Несколько дней Л. Н-ч был между жизнью и смертью. Все дети съехались к умирающему.

Софья Андреевна писала своей сестре:

3 февраля 1902. Гаспра.

"Процесс болезни так неопределенен, так медлен, что ни один доктор ничего предсказывать не берется... Воспаление держится в левом легком, близко от сердца, и всякую минуту может перейти на стенки сердца, которое и так стало очень плохо в нынешнем году. Когда вчера утром Левочка себя почувствовал лучше, он встретил доктора словами: "а я все еще не сдаюсь". Всякое ухудшение вызывает в нем мрачность; он молчит и думает, и Бог знает, что происходит в его душе. Со всеми нами, окружающими, он очень ласков и благодарен. Но болеть ему очень трудно, непривычно, по моему мнению, умирать ему очень не хочется. Сила мысли так еще велика, что больной, еле слышно его, а он диктует Маше поправки к своей последней статье или велит под диктовку записывать кое-что о болезни и мысли свои в записную книжечку. Доктор у нас московский лучший, Щуровский. Еще прекрасный, ялтинский, Альтшулер и земский, здешний Волков. Последние два дежурят через ночь.

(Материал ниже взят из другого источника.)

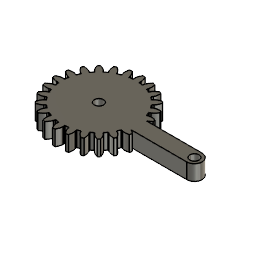
Simple gripper_Gear24 (Autodesk Fusion 360 design; units mm, degrees)
description: Spur Gear; Module: 1.125000; Num Teeth: 24; Pressure Angle: 20.000000; Backlash: 0.00 mm
Autodesk Fusion 360 part; units mm, degrees
(part 1 of 3)
sketch "Sketch4" plane through (0, 0, 3) normal (0, 0, 1) x (-1, 0, 0)
  arc A0 (-106.7629, 26.1027) -> (-106.8965, 25.0883) centre (-94.8448, 24.0176) ccw
  arc A1 (-107.004, 24.9974) -> (-106.8965, 25.0883) centre (-106.9961, 25.0971) ccw
  line L0 (-107.004, 24.9974) -> (-107.4897, 25.0359)
  spline S0 degree 5 poles (-107.4897, 25.0359) (-107.4953, 25.0363) (-107.5066, 25.0371) (-107.5235, 25.0378) (-107.5461, 25.0379) (-107.5744, 25.0371) (-107.6028, 25.0354) (-107.6311, 25.0332) (-107.6595, 25.0307) (-107.6879, 25.0281) (-107.7163, 25.0252) (-107.7447, 25.0221) (-107.7731, 25.0187) (-107.8015, 25.0149) (-107.83, 25.0108) (-107.8584, 25.0062) (-107.8868, 25.0014) (-107.9153, 24.9963) (-107.9437, 24.9909) (-107.9722, 24.9854) (-108.0006, 24.9796) (-108.029, 24.9736) (-108.0575, 24.9674) (-108.0859, 24.9609) (-108.1143, 24.9542) (-108.1428, 24.9473) (-108.1712, 24.9402) (-108.1996, 24.9328) (-108.228, 24.9252) (-108.2564, 24.9175) (-108.2848, 24.9095) (-108.3132, 24.9014) (-108.3416, 24.893) (-108.3699, 24.8845) (-108.3983, 24.8757) (-108.4266, 24.8668) (-108.455, 24.8577) (-108.4833, 24.8484) (-108.5116, 24.839) (-108.5399, 24.8293) (-108.5682, 24.8195) (-108.5965, 24.8095) (-108.6247, 24.7993) (-108.653, 24.789) (-108.6812, 24.7785) (-108.7094, 24.7678) (-108.7376, 24.7569) (-108.7658, 24.7459) (-108.794, 24.7347) (-108.8221, 24.7234) (-108.8503, 24.7119) (-108.8784, 24.7002) (-108.9065, 24.6884) (-108.9346, 24.6764) (-108.9627, 24.6643) (-108.9907, 24.652) (-109.0187, 24.6395) (-109.0467, 24.6269) (-109.0747, 24.6142) (-109.1027, 24.6013) (-109.1306, 24.5882) (-109.1586, 24.575) (-109.1865, 24.5616) (-109.2143, 24.5481) (-109.2422, 24.5345) (-109.27, 24.5207) (-109.2979, 24.5067) (-109.3256, 24.4927) (-109.3534, 24.4784) (-109.3811, 24.4641) (-109.4089, 24.4495) (-109.431, 24.4378) (-109.4476, 24.429) (-109.4587, 24.423) (-109.4642, 24.42) knots 0 0 0 0 0 0 0.01428571 0.02857143 0.04285714 0.05714286 0.07142857 0.08571429 0.1 0.11428571 0.12857143 0.14285714 0.15714286 0.17142857 0.18571429 0.2 0.21428571 0.22857143 0.24285714 0.25714286 0.27142857 0.28571429 0.3 0.31428571 0.32857143 0.34285714 0.35714286 0.37142857 0.38571429 0.4 0.41428571 0.42857143 0.44285714 0.45714286 0.47142857 0.48571429 0.5 0.51428571 0.52857143 0.54285714 0.55714286 0.57142857 0.58571429 0.6 0.61428571 0.62857143 0.64285714 0.65714286 0.67142857 0.68571429 0.7 0.71428571 0.72857143 0.74285714 0.75714286 0.77142857 0.78571429 0.8 0.81428571 0.82857143 0.84285714 0.85714286 0.87142857 0.88571429 0.9 0.91428571 0.92857143 0.94285714 0.95714286 0.97142857 0.98571429 1 1 1 1 1 1
  arc A2 (-109.4642, 24.42) -> (-109.4642, 23.6152) centre (-94.8448, 24.0176) ccw
  spline S1 degree 5 poles (-109.4642, 23.6152) (-109.4587, 23.6122) (-109.4476, 23.6062) (-109.431, 23.5974) (-109.4089, 23.5857) (-109.3811, 23.5712) (-109.3534, 23.5568) (-109.3256, 23.5425) (-109.2979, 23.5285) (-109.27, 23.5145) (-109.2422, 23.5007) (-109.2143, 23.4871) (-109.1865, 23.4736) (-109.1586, 23.4602) (-109.1306, 23.447) (-109.1027, 23.4339) (-109.0747, 23.421) (-109.0467, 23.4083) (-109.0187, 23.3957) (-108.9907, 23.3832) (-108.9627, 23.3709) (-108.9346, 23.3588) (-108.9065, 23.3468) (-108.8784, 23.335) (-108.8503, 23.3233) (-108.8221, 23.3118) (-108.794, 23.3005) (-108.7658, 23.2893) (-108.7376, 23.2783) (-108.7094, 23.2674) (-108.6812, 23.2568) (-108.653, 23.2462) (-108.6247, 23.2359) (-108.5965, 23.2257) (-108.5682, 23.2157) (-108.5399, 23.2059) (-108.5116, 23.1962) (-108.4833, 23.1868) (-108.455, 23.1775) (-108.4266, 23.1684) (-108.3983, 23.1595) (-108.3699, 23.1507) (-108.3416, 23.1422) (-108.3132, 23.1338) (-108.2848, 23.1257) (-108.2564, 23.1177) (-108.228, 23.11) (-108.1996, 23.1024) (-108.1712, 23.0951) (-108.1428, 23.0879) (-108.1143, 23.081) (-108.0859, 23.0743) (-108.0575, 23.0678) (-108.029, 23.0616) (-108.0006, 23.0556) (-107.9722, 23.0498) (-107.9437, 23.0443) (-107.9153, 23.0389) (-107.8868, 23.0338) (-107.8584, 23.029) (-107.83, 23.0244) (-107.8015, 23.0203) (-107.7731, 23.0165) (-107.7447, 23.0131) (-107.7163, 23.01) (-107.6879, 23.0071) (-107.6595, 23.0045) (-107.6311, 23.002) (-107.6028, 22.9998) (-107.5744, 22.9982) (-107.5461, 22.9973) (-107.5235, 22.9974) (-107.5066, 22.9981) (-107.4953, 22.9989) (-107.4897, 22.9993) knots -1 -1 -1 -1 -1 -1 -0.98571429 -0.97142857 -0.95714286 -0.94285714 -0.92857143 -0.91428571 -0.9 -0.88571429 -0.87142857 -0.85714286 -0.84285714 -0.82857143 -0.81428571 -0.8 -0.78571429 -0.77142857 -0.75714286 -0.74285714 -0.72857143 -0.71428571 -0.7 -0.68571429 -0.67142857 -0.65714286 -0.64285714 -0.62857143 -0.61428571 -0.6 -0.58571429 -0.57142857 -0.55714286 -0.54285714 -0.52857143 -0.51428571 -0.5 -0.48571429 -0.47142857 -0.45714286 -0.44285714 -0.42857143 -0.41428571 -0.4 -0.38571429 -0.37142857 -0.35714286 -0.34285714 -0.32857143 -0.31428571 -0.3 -0.28571429 -0.27142857 -0.25714286 -0.24285714 -0.22857143 -0.21428571 -0.2 -0.18571429 -0.17142857 -0.15714286 -0.14285714 -0.12857143 -0.11428571 -0.1 -0.08571429 -0.07142857 -0.05714286 -0.04285714 -0.02857143 -0.01428571 0 0 0 0 0 0
  line L1 (-107.4897, 22.9993) -> (-107.004, 23.0378)
  arc A3 (-106.8965, 22.947) -> (-107.004, 23.0378) centre (-106.9961, 22.9381) ccw
  arc A4 (-106.8965, 22.947) -> (-106.7629, 21.9326) centre (-94.8448, 24.0176) ccw
  arc A5 (-106.8433, 21.817) -> (-106.7629, 21.9326) centre (-106.8614, 21.9153) ccw
  line L2 (-106.8433, 21.817) -> (-107.3224, 21.7284)
  spline S2 degree 5 poles (-107.3224, 21.7284) (-107.3279, 21.7274) (-107.339, 21.7252) (-107.3556, 21.7215) (-107.3774, 21.7158) (-107.4045, 21.7076) (-107.4315, 21.6987) (-107.4583, 21.6892) (-107.4851, 21.6795) (-107.5118, 21.6696) (-107.5385, 21.6595) (-107.5651, 21.6492) (-107.5917, 21.6385) (-107.6182, 21.6275) (-107.6446, 21.6161) (-107.6709, 21.6044) (-107.6971, 21.5923) (-107.7232, 21.58) (-107.7493, 21.5675) (-107.7753, 21.5548) (-107.8013, 21.5418) (-107.8272, 21.5287) (-107.8531, 21.5153) (-107.8789, 21.5017) (-107.9046, 21.4879) (-107.9303, 21.4738) (-107.9559, 21.4596) (-107.9814, 21.4451) (-108.0069, 21.4305) (-108.0323, 21.4156) (-108.0577, 21.4006) (-108.083, 21.3854) (-108.1082, 21.37) (-108.1334, 21.3544) (-108.1586, 21.3386) (-108.1836, 21.3226) (-108.2086, 21.3065) (-108.2336, 21.2902) (-108.2585, 21.2737) (-108.2833, 21.2571) (-108.3081, 21.2403) (-108.3328, 21.2233) (-108.3575, 21.2062) (-108.3821, 21.1889) (-108.4067, 21.1714) (-108.4312, 21.1538) (-108.4556, 21.136) (-108.48, 21.118) (-108.5043, 21.1) (-108.5285, 21.0817) (-108.5527, 21.0633) (-108.5769, 21.0448) (-108.601, 21.0261) (-108.625, 21.0072) (-108.649, 20.9882) (-108.6729, 20.9691) (-108.6967, 20.9498) (-108.7205, 20.9304) (-108.7443, 20.9108) (-108.7679, 20.8911) (-108.7915, 20.8713) (-108.8151, 20.8513) (-108.8386, 20.8312) (-108.862, 20.8109) (-108.8854, 20.7905) (-108.9087, 20.77) (-108.932, 20.7493) (-108.9552, 20.7285) (-108.9783, 20.7076) (-109.0014, 20.6865) (-109.0244, 20.6654) (-109.0428, 20.6483) (-109.0565, 20.6354) (-109.0657, 20.6268) (-109.0702, 20.6225) knots 0 0 0 0 0 0 0.01428571 0.02857143 0.04285714 0.05714286 0.07142857 0.08571429 0.1 0.11428571 0.12857143 0.14285714 0.15714286 0.17142857 0.18571429 0.2 0.21428571 0.22857143 0.24285714 0.25714286 0.27142857 0.28571429 0.3 0.31428571 0.32857143 0.34285714 0.35714286 0.37142857 0.38571429 0.4 0.41428571 0.42857143 0.44285714 0.45714286 0.47142857 0.48571429 0.5 0.51428571 0.52857143 0.54285714 0.55714286 0.57142857 0.58571429 0.6 0.61428571 0.62857143 0.64285714 0.65714286 0.67142857 0.68571429 0.7 0.71428571 0.72857143 0.74285714 0.75714286 0.77142857 0.78571429 0.8 0.81428571 0.82857143 0.84285714 0.85714286 0.87142857 0.88571429 0.9 0.91428571 0.92857143 0.94285714 0.95714286 0.97142857 0.98571429 1 1 1 1 1 1
  arc A6 (-109.0702, 20.6225) -> (-108.8619, 19.8451) centre (-94.8448, 24.0176) ccw
  spline S3 degree 5 poles (-108.8619, 19.8451) (-108.8558, 19.8436) (-108.8436, 19.8408) (-108.8252, 19.8365) (-108.8008, 19.8309) (-108.7703, 19.8241) (-108.7398, 19.8174) (-108.7093, 19.8108) (-108.6788, 19.8044) (-108.6483, 19.7981) (-108.6178, 19.792) (-108.5874, 19.786) (-108.557, 19.7802) (-108.5266, 19.7745) (-108.4962, 19.769) (-108.4658, 19.7636) (-108.4354, 19.7584) (-108.4051, 19.7533) (-108.3748, 19.7484) (-108.3445, 19.7436) (-108.3142, 19.739) (-108.284, 19.7345) (-108.2538, 19.7302) (-108.2235, 19.7261) (-108.1934, 19.7221) (-108.1632, 19.7183) (-108.1331, 19.7146) (-108.103, 19.7111) (-108.0729, 19.7077) (-108.0428, 19.7046) (-108.0128, 19.7015) (-107.9828, 19.6987) (-107.9529, 19.696) (-107.9229, 19.6935) (-107.893, 19.6912) (-107.8632, 19.689) (-107.8333, 19.687) (-107.8035, 19.6852) (-107.7738, 19.6835) (-107.744, 19.6821) (-107.7144, 19.6808) (-107.6847, 19.6797) (-107.6551, 19.6788) (-107.6255, 19.6781) (-107.596, 19.6775) (-107.5665, 19.6772) (-107.5371, 19.6771) (-107.5077, 19.6771) (-107.4783, 19.6774) (-107.449, 19.6778) (-107.4198, 19.6785) (-107.3906, 19.6793) (-107.3614, 19.6805) (-107.3324, 19.6818) (-107.3033, 19.6834) (-107.2744, 19.6852) (-107.2455, 19.6872) (-107.2166, 19.6894) (-107.1878, 19.6918) (-107.1591, 19.6945) (-107.1305, 19.6975) (-107.1019, 19.7008) (-107.0735, 19.7045) (-107.0452, 19.7085) (-107.0169, 19.7129) (-106.9887, 19.7175) (-106.9606, 19.7223) (-106.9326, 19.7273) (-106.9046, 19.7325) (-106.8768, 19.7382) (-106.8493, 19.7447) (-106.8275, 19.7507) (-106.8113, 19.7557) (-106.8006, 19.7594) (-106.7953, 19.7613) knots -1 -1 -1 -1 -1 -1 -0.98571429 -0.97142857 -0.95714286 -0.94285714 -0.92857143 -0.91428571 -0.9 -0.88571429 -0.87142857 -0.85714286 -0.84285714 -0.82857143 -0.81428571 -0.8 -0.78571429 -0.77142857 -0.75714286 -0.74285714 -0.72857143 -0.71428571 -0.7 -0.68571429 -0.67142857 -0.65714286 -0.64285714 -0.62857143 -0.61428571 -0.6 -0.58571429 -0.57142857 -0.55714286 -0.54285714 -0.52857143 -0.51428571 -0.5 -0.48571429 -0.47142857 -0.45714286 -0.44285714 -0.42857143 -0.41428571 -0.4 -0.38571429 -0.37142857 -0.35714286 -0.34285714 -0.32857143 -0.31428571 -0.3 -0.28571429 -0.27142857 -0.25714286 -0.24285714 -0.22857143 -0.21428571 -0.2 -0.18571429 -0.17142857 -0.15714286 -0.14285714 -0.12857143 -0.11428571 -0.1 -0.08571429 -0.07142857 -0.05714286 -0.04285714 -0.02857143 -0.01428571 0 0 0 0 0 0
  line L3 (-106.7953, 19.7613) -> (-106.3361, 19.9241)
  arc A7 (-106.2087, 19.8642) -> (-106.3361, 19.9241) centre (-106.3027, 19.8299) ccw
  arc A8 (-106.2087, 19.8642) -> (-105.8172, 18.9189) centre (-94.8448, 24.0176) ccw
  arc A9 (-105.8649, 18.7865) -> (-105.8172, 18.9189) centre (-105.9079, 18.8768) ccw
  line L4 (-105.8649, 18.7865) -> (-106.3047, 18.577)
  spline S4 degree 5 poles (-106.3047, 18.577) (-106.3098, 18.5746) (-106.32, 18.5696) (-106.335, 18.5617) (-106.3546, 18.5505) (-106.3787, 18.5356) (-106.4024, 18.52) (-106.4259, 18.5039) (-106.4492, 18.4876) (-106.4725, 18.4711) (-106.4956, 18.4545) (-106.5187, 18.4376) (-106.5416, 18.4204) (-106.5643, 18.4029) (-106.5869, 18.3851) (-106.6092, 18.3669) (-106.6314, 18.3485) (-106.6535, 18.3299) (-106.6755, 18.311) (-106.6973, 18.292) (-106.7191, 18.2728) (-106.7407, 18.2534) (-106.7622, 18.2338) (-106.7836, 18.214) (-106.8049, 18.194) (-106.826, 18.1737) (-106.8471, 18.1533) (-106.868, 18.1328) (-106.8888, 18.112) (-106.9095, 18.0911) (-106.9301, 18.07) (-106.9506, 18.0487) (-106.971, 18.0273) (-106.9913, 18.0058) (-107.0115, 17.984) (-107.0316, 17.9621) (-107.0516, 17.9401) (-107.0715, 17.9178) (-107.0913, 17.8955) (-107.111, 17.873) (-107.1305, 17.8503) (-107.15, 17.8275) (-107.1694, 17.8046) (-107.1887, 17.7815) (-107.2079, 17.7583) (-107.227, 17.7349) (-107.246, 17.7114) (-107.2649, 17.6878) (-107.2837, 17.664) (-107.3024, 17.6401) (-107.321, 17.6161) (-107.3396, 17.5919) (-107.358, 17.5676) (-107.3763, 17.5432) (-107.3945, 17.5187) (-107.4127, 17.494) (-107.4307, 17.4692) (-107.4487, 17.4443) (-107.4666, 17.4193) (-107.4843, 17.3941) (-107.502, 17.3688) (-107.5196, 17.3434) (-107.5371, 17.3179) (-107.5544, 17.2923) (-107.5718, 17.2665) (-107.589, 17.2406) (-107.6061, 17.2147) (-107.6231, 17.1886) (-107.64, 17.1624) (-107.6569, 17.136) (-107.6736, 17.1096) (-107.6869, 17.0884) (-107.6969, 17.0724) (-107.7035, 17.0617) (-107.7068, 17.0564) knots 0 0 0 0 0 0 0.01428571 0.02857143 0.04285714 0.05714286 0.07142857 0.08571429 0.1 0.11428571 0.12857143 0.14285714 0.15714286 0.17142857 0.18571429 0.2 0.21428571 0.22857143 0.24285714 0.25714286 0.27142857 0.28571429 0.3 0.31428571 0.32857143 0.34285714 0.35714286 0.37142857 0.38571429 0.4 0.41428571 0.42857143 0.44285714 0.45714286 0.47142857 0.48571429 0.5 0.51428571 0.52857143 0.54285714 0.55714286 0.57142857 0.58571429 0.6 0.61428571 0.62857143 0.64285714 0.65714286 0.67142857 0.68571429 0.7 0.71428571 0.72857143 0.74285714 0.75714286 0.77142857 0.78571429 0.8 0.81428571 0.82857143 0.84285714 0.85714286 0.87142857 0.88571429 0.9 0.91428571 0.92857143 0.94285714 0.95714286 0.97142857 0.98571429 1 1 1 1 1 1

...Доктора искренно говорят, что ничего вперед знать нельзя. Сама я то перехожу к надежде полной, то на меня находит отчаяние, я часами плачу и ничего не могу делать. А то возьму себя в руки, чтобы до конца бодро ходить за Левочкой. По ночам сижу одна, и чего-чего над ним не передумаю. Вся жизнь проходит с мучительной болью воспоминаний; и раскаяние за все то, чем я Левочку в жизни мучила, и бессилие что-либо вернуть или поправить, и просто жалость к страданиям любимого человека - все это истерзало мое сердце. А то как устанешь, то тупо ко всему относишься. Часто бывает и религиозный подъем, в смысле "да будет воля Твоя!" А то кажется, что я не переживу Левочку; точно отрывается от меня половина, и боль эту не переживешь".

Софья Андреевна отмечает в своем дневнике характерную особенность болезни. В бреду Л. Н-ч говорил: "Севастополь горит". Обновив свои воспоминания о Севастополе при проезде в Гаспру, Л. Н-ч всколыхнул свои пятидесятилетние воспоминания, и они всплыли наверх в момент действия подсознательных сил.